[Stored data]
%%
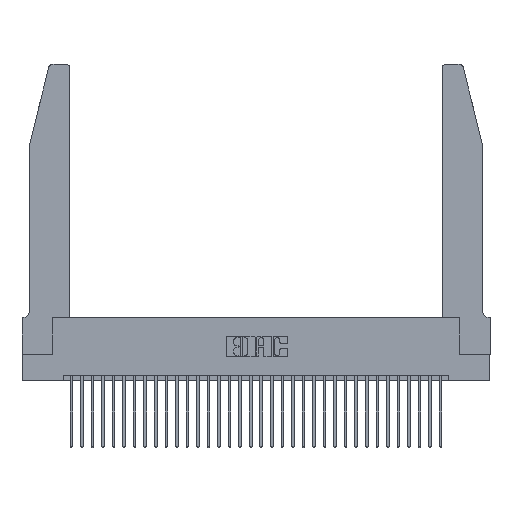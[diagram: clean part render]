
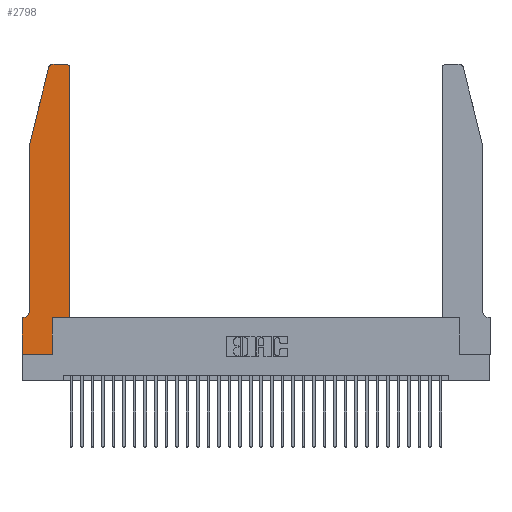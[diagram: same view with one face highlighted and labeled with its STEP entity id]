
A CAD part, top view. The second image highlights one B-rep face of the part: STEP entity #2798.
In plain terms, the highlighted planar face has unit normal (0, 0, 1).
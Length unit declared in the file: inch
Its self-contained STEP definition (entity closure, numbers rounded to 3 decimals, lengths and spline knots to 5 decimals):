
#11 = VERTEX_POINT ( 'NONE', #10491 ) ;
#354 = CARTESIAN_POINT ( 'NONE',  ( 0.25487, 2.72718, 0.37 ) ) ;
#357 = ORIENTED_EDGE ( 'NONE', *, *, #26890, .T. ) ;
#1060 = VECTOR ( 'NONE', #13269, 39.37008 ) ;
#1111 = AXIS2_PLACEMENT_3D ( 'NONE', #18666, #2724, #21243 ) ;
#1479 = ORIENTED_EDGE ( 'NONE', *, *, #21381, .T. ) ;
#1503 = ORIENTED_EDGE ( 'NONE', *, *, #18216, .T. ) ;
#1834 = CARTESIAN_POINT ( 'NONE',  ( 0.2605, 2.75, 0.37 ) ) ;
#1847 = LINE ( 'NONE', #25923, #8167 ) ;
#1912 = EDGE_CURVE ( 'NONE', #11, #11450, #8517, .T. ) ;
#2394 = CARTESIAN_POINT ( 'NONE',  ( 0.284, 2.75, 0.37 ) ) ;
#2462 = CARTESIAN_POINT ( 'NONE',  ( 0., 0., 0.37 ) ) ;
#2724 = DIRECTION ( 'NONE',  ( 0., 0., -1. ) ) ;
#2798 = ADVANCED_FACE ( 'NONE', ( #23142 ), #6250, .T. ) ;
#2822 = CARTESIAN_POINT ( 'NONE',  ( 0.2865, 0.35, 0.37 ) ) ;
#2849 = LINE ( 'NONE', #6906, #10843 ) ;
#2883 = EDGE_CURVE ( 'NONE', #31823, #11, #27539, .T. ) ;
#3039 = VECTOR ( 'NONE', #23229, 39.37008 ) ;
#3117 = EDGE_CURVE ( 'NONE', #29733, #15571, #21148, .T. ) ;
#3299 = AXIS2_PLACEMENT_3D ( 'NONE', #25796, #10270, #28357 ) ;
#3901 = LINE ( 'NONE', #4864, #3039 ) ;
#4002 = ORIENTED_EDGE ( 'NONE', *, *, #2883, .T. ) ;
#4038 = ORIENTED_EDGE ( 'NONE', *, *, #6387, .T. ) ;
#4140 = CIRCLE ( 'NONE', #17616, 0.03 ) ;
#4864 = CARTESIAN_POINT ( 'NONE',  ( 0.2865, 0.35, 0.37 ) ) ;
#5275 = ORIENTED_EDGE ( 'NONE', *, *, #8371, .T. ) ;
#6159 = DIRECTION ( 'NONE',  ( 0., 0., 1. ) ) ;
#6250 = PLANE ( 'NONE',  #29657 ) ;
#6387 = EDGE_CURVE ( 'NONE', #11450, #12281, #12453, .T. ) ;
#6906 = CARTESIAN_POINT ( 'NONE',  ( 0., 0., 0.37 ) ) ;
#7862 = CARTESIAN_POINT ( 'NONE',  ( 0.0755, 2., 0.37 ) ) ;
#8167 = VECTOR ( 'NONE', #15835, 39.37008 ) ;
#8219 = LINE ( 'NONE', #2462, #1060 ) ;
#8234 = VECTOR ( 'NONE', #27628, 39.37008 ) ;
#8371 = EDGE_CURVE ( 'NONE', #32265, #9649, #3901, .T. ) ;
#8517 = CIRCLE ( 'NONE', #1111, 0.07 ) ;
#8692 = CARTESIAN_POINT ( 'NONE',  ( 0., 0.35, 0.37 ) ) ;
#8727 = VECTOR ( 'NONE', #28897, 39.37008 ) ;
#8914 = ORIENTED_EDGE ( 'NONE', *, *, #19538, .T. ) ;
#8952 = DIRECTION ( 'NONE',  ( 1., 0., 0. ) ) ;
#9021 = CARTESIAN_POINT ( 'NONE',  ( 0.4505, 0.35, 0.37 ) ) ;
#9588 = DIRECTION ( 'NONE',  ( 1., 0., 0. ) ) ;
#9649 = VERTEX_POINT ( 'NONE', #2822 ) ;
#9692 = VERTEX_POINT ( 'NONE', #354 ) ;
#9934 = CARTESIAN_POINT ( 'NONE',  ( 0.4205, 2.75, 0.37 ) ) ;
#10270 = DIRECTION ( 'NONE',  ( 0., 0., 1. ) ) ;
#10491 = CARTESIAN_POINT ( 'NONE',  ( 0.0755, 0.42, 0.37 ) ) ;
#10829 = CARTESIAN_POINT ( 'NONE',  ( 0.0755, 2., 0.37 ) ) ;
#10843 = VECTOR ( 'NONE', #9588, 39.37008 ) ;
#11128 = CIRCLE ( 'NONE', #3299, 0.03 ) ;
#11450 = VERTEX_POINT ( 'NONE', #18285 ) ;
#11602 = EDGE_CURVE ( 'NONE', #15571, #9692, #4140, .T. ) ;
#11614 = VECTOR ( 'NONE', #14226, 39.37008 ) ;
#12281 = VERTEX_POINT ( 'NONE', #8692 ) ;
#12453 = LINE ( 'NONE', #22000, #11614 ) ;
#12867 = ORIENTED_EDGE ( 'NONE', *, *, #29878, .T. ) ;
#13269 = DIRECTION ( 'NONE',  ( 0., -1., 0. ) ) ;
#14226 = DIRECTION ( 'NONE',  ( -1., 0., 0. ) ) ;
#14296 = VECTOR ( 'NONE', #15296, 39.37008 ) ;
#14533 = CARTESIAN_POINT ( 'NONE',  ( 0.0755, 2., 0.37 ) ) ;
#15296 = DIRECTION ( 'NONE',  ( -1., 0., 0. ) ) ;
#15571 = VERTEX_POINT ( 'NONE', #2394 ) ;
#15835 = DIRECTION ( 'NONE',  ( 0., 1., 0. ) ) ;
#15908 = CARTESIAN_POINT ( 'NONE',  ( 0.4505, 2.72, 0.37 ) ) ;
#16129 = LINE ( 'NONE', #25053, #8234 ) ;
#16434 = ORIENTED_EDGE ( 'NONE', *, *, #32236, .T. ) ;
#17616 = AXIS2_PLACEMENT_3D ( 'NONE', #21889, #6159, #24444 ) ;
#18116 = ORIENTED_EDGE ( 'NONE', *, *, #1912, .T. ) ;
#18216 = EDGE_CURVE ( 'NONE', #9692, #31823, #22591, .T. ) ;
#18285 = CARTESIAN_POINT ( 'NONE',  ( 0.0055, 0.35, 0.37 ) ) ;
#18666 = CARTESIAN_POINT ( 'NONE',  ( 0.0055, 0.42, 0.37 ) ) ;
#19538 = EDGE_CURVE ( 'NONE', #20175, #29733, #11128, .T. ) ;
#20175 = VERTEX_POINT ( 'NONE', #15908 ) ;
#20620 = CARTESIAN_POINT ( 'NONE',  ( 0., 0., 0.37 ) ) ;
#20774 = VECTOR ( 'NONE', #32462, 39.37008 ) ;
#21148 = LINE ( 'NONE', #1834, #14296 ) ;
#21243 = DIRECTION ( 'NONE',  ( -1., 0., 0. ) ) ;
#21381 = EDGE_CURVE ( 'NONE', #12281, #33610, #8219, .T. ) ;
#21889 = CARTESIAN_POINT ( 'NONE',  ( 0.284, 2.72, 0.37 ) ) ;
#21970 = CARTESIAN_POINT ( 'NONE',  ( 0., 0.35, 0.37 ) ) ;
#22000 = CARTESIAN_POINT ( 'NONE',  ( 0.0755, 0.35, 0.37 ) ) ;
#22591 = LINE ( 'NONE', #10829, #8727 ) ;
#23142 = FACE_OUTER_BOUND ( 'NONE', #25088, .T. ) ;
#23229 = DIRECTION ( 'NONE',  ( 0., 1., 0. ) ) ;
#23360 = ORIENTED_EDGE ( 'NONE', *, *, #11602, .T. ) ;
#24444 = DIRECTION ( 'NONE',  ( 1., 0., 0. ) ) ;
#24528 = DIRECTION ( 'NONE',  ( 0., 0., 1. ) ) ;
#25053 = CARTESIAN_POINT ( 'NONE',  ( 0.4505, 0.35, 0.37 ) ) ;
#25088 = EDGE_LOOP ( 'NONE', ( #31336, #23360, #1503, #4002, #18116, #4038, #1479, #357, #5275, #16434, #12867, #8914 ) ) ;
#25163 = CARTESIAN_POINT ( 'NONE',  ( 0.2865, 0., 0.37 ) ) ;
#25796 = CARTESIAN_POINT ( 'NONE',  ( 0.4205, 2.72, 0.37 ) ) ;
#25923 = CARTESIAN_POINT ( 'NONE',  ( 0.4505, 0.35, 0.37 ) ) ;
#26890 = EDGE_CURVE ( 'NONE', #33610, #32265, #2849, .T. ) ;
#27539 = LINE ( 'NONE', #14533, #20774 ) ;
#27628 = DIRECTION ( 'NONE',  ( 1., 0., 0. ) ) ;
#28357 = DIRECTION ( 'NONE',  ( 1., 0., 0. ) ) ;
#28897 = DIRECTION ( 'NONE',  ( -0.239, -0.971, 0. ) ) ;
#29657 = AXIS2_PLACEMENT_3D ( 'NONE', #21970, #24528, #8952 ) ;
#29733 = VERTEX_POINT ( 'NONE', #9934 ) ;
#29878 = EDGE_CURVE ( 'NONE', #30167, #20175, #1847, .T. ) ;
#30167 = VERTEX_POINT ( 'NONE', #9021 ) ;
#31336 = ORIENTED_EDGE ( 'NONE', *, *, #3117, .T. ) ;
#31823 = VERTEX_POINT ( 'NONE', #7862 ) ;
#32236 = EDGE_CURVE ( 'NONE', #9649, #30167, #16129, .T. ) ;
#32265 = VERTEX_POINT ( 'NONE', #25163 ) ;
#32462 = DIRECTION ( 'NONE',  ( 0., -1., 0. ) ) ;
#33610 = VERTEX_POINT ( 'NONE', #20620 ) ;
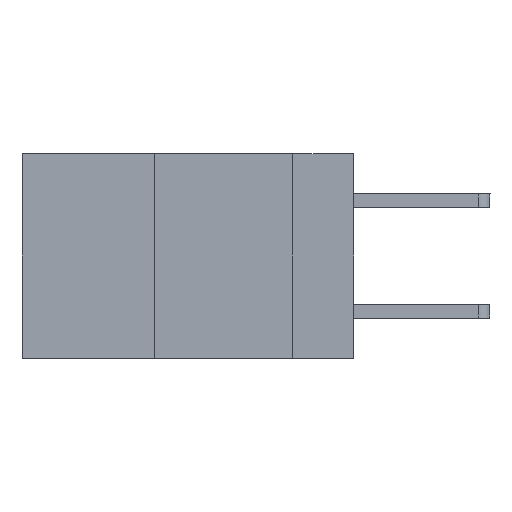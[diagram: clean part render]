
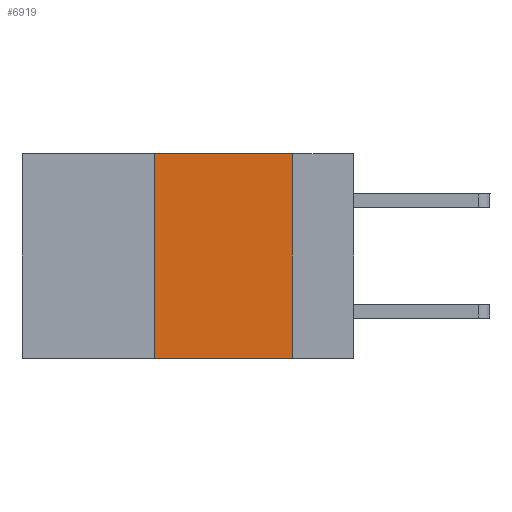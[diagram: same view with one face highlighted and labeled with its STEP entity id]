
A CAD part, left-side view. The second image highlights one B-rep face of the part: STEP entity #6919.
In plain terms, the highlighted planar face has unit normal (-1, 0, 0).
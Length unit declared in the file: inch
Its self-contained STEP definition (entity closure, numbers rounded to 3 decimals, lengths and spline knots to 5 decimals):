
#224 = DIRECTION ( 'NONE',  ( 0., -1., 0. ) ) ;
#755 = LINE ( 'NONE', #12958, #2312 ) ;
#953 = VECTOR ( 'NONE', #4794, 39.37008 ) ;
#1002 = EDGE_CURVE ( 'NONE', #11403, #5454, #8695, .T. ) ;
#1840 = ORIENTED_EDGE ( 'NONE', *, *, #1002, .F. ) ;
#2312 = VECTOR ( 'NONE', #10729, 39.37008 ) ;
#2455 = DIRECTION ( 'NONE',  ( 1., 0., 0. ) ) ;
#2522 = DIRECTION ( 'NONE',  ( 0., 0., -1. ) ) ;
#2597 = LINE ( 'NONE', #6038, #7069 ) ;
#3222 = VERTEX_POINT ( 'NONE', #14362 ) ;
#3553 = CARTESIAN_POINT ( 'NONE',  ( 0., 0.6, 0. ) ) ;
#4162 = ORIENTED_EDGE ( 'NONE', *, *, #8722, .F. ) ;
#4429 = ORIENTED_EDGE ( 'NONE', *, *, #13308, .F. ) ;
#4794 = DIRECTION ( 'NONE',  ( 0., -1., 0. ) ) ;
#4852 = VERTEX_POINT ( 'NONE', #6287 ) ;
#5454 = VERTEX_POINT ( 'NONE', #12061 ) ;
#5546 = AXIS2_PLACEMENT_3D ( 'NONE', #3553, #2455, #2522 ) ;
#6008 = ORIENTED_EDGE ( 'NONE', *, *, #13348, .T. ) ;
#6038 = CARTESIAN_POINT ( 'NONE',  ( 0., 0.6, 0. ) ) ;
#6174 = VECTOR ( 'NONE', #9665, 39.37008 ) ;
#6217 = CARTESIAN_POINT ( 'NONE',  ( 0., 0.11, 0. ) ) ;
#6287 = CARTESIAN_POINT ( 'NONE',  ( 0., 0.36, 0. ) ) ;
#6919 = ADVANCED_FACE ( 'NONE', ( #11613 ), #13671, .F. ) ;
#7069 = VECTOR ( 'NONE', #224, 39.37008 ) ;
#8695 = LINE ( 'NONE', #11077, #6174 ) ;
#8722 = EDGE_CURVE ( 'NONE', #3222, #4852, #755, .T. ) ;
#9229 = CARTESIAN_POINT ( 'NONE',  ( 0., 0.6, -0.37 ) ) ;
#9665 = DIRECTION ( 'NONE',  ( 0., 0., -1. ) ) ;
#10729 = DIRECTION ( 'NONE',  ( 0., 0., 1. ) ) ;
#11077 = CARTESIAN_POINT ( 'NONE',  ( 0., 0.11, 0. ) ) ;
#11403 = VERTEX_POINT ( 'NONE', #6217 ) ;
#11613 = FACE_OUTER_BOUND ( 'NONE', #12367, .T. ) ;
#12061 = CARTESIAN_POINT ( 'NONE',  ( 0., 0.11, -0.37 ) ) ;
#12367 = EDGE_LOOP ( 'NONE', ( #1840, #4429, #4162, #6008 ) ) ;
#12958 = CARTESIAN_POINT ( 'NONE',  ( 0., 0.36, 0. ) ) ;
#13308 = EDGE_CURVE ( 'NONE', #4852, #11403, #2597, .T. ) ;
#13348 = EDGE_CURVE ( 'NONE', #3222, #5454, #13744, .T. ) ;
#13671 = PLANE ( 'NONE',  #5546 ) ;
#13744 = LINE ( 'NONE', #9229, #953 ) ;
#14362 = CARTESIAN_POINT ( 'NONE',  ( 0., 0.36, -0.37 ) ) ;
%%
All that is needed is the line containing "#13348 = EDGE_CURVE" and each line after it to the end of the data above, set down exactly.

TASK OUTPUT:
#13348 = EDGE_CURVE ( 'NONE', #3222, #5454, #13744, .T. ) ;
#13671 = PLANE ( 'NONE',  #5546 ) ;
#13744 = LINE ( 'NONE', #9229, #953 ) ;
#14362 = CARTESIAN_POINT ( 'NONE',  ( 0., 0.36, -0.37 ) ) ;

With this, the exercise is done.